Queridos graduandos hoy
concluyen una larga carrera de estudios, digna de admiración y respeto.
Sus logros llenan de satisfacción y orgullo a sus padres, a sus
profesores y a su Universidad. Han subido un escalón, no han llegado aún
al descanso. No se detengan en su formación. La vida sigue su curso. Los
procesos de cambio continúan.
Piensen que su formación
es un continuum, lleno de muchos momentos importantes, con un
norte que no debe conocer de estaciones, ni detenimientos. El cambio es cada vez más acelerado. Si se detienen, que sea solo para
respirar y cobrar nuevas fuerzas, porque si su “pausa” se prolonga
demasiado, dejarán de vivir en la realidad. Vivir plenamente –de una
manera más “real”-significa estar alerta, concentrarse, esforzarse,
poner a prueba sus aptitudes y capacidades; en fin, como decía Ortega y
Gasset, “exigirse mucho a sí mismo”.
Ustedes se llevan un
caudal valioso de conocimientos de esta casa de estudios. Aquí han
recibido un bagaje de competencias técnicas, pero también unos valores.

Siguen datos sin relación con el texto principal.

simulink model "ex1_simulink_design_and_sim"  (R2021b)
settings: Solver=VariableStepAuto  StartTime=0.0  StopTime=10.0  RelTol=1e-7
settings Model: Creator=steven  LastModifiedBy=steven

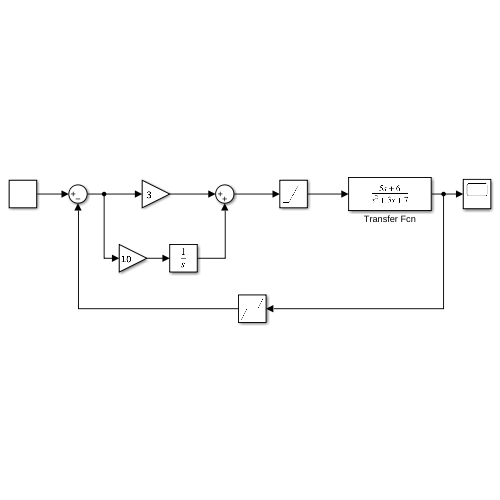
[thumbnail: Simulink's stored preview of the top-level diagram]
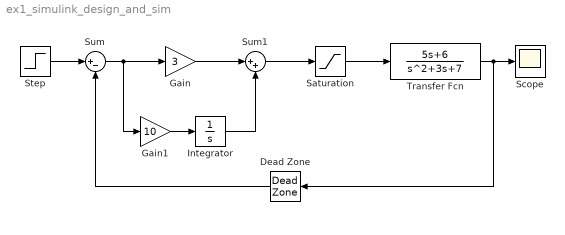
== system ex1_simulink_design_and_sim ==
  Dead Zone : DeadZone  LowerValue=-0.1  UpperValue=0.1  SaturateOnIntegerOverflow=on
  Gain : Gain  Gain=3
  Gain1 : Gain  Gain=10
  Integrator : Integrator
  Saturation : Saturate  UpperLimit=2  LowerLimit=-2
  Scope : Scope
  Step : Step  Time=0  SampleTime=0  ZeroCross=off
  Sum : Sum  Inputs=|+-
  Sum1 : Sum  Inputs=|++
  Transfer Fcn : TransferFcn  Numerator=[5 6]  Denominator=[1 3 7]
  wires:
  Step/1 -> Sum/1
  Saturation/1 -> Transfer Fcn/1
  Gain/1 -> Sum1/1
  Sum1/1 -> Saturation/1
  Transfer Fcn/1 -> Dead Zone/1, Scope/1
  Integrator/1 -> Sum1/2
  Gain1/1 -> Integrator/1
  Sum/1 -> Gain1/1, Gain/1
  Dead Zone/1 -> Sum/2
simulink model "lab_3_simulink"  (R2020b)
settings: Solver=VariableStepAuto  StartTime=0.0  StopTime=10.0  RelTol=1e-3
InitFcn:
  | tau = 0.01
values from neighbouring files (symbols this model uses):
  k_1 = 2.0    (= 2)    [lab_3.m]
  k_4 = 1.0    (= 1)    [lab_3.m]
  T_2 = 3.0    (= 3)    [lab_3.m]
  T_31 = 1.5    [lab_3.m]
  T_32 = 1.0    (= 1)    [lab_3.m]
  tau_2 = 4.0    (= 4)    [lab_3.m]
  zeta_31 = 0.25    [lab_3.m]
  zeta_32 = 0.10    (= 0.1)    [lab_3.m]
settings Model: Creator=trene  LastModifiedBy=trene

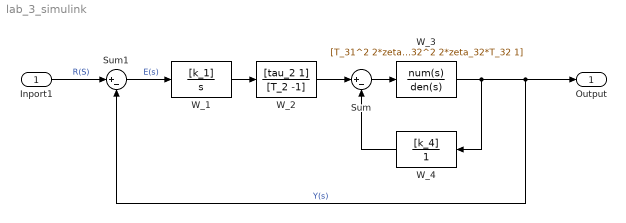
== system lab_3_simulink ==
  Inport1 : Inport
  Sum : Sum  Inputs=|+-
  Sum1 : Sum  Inputs=|+-
  W_1 : TransferFcn  Numerator=[k_1]  Denominator=[1 0]
  W_2 : TransferFcn  Numerator=[tau_2 1]  Denominator=[T_2 -1]
  W_3 : TransferFcn  Numerator=[T_31^2 2*zeta_31*T_31 1]  Denominator=[T_32^2 2*zeta_32*T_32 1]
  W_4 : TransferFcn  Numerator=[k_4]  Denominator=[1]
  Output : Outport
  wires:
  W_3/1 -> Sum1/2, Output/1, W_4/1  "Y(s)"
  Sum/1 -> W_3/1
  W_2/1 -> Sum/1
  W_4/1 -> Sum/2
  W_1/1 -> W_2/1
  Sum1/1 -> W_1/1  "E(s)"
  Inport1/1 -> Sum1/1  "R(S)"
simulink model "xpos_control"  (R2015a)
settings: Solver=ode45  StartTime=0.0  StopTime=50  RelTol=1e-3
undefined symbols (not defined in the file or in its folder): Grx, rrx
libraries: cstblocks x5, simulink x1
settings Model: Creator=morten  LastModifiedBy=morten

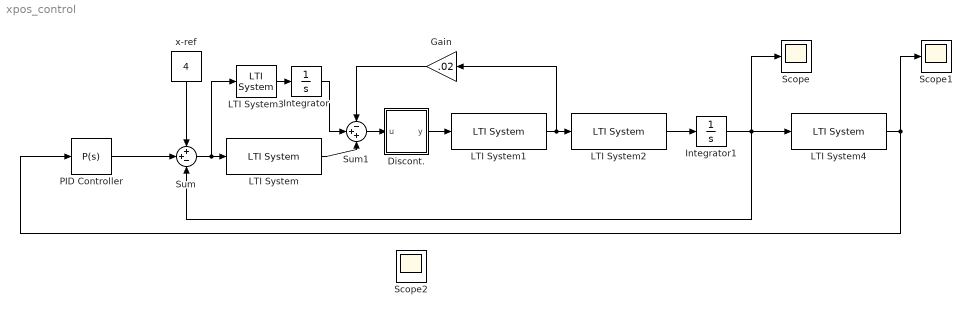
== system xpos_control ==
  Discont. : MATLAB Function  TreatAsAtomicUnit=on
  Gain : Gain  Gain=.02
  Integrator : Integrator  LimitOutput=on  UpperSaturationLimit=2.500  LowerSaturationLimit=-2.500
  Integrator1 : Integrator  LowerSaturationLimit=-2.500
  LTI System : cstblocks/LTI System  sys=C1_p  IC=[]
  LTI System1 : cstblocks/LTI System  sys=Mx  IC=[]
  LTI System2 : cstblocks/LTI System  sys=Grx*rrx  IC=[]
  LTI System3 : cstblocks/LTI System  sys=C1_i  IC=[]
  LTI System4 : cstblocks/LTI System  sys=W  IC=[]
  PID Controller : simulink/Continuous/PID Controller  Controller=P  TimeDomain=Continuous-time  SampleTime=-1  IntegratorMethod=Forward Euler  FilterMethod=Forward Euler  Form=Parallel  UseFilter=on  ControllerParametersSource=internal  P=10  I=1  D=.1  N=100  InitialConditionSource=internal  InitialConditionForIntegrator=0  InitialConditionForFilter=0  ExternalReset=none  LimitOutput=off  UpperSaturationLimit=inf  LowerSaturationLimit=-inf  LinearizeAsGain=on  AntiWindupMode=none  Kb=1  TrackingMode=off  Kt=1  PParamMin=[]  PParamMax=[]  IParamMin=[]  IParamMax=[]  DParamMin=[]  DParamMax=[]  NParamMin=[]  NParamMax=[]  KbParamMin=[]  KbParamMax=[]  KtParamMin=[]  KtParamMax=[]  POutMin=[]  POutMax=[]  IOutMin=[]  IOutMax=[]  DOutMin=[]  DOutMax=[]  NOutMin=[]  NOutMax=[]  KbOutMin=[]  KbOutMax=[]  KtOutMin=[]  KtOutMax=[]  IntegratorOutMin=[]  IntegratorOutMax=[]  FilterOutMin=[]  FilterOutMax=[]  SumOutMin=[]  SumOutMax=[]  SumI1OutMin=[]  SumI1OutMax=[]  SumI2OutMin=[]  SumI2OutMax=[]  SumI3OutMin=[]  SumI3OutMax=[]  SumDOutMin=[]  SumDOutMax=[]  SaturationOutMin=[]  SaturationOutMax=[]  IntegratorContinuousStateAttributes=''  IntegratorStateMustResolveToSignalObject=off  IntegratorRTWStateStorageClass=Auto  FilterContinuousStateAttributes=''  FilterStateMustResolveToSignalObject=off  FilterRTWStateStorageClass=Auto  DifferentiatorICPrevScaledInput=0  DifferentiatorOutMin=[]  DifferentiatorOutMax=[]
  Scope : Scope
  Scope1 : Scope
  Scope2 : Scope
      settings: SaveName=ScopeData2
  Sum : Sum  Inputs=++-
  Sum1 : Sum  Inputs=-++
  x-ref : Constant  Value=4
  wires:
  x-ref/1 -> Sum/1
  Sum/1 -> LTI System3/1, LTI System/1
  LTI System/1 -> Sum1/3
  LTI System2/1 -> Integrator1/1
  LTI System3/1 -> Integrator/1
  Integrator/1 -> Sum1/2
  Sum1/1 -> Discont./1(u)
  Integrator1/1 -> Sum/3, LTI System4/1, Scope/1
  LTI System1/1 -> Gain/1, LTI System2/1
  Gain/1 -> Sum1/1
  LTI System4/1 -> PID Controller/1, Scope1/1
  PID Controller/1 -> Sum/2
  Discont./1(y) -> LTI System1/1

== matlab function xpos_control/Discont. ==
  data: u input; y output
function y = dis(u)
    if(u > -4.6 && u < -0.2)
        y = -4.6;
    elseif(u < 4.6 && u > 0.2)
        y = 4.6;
    elseif( u < 0.2 && u > -0.2)
        y = 0;
    elseif(u > 12.5)
        y = 12.5;
    elseif(u < -12.5)
        y = -12.5;
    else
        y = u;
end

¡Ojala que se lleven también una lección más importante! Asuman
responsablemente su vida. Lo mejor de la educación que se imparte en
esta Universidad consiste en convencer a nuestros graduados de que tomen
en serio los valores, especialmente la vida, la libertad, la
generosidad, el servicio, la paz, la justicia y el amor.
Al salir de este acto
ustedes graduandos se integrarán en una nueva realidad. Una realidad
con muchas dificultades, en muchos aspectos, una realidad injusta y
excluyente. Sobran las cifras que muestran la miseria humana
(analfabetismo, insalubridad, desempleo, falta de alimentación
injusticia social, delincuencia, falta de institucionalidad). Van a
encontrar un mundo que puede parecer hoy un lugar confuso y lleno de
egoísmo, sectarismo, intolerancia… pero, quien les ha hablado que la
vida les iba a ser fácil? Justo ahí está su compromiso, trabajar duro
para transformar esa realidad.
Finalmente, comparé
este acto de graduación, con la gran fiesta de despedida del hijo,
que tras recibir las mejores enseñanzas y costumbres en el hogar
siente estar preparado, y se dispone a desplegar sus alas, elevar su
vuelo y a descubrir nuevos horizontes.
Felicidades graduandos por
sus éxitos.
Felicidades por su valiosa decisión de haber asociado su futuro a esta
Universidad ITECO. Agradecimientos a los familiares y amigos que
vienen a acompañarnos y compartir con los graduandos uno de los días
más felices de sus vidas, el solemne acto de graduación.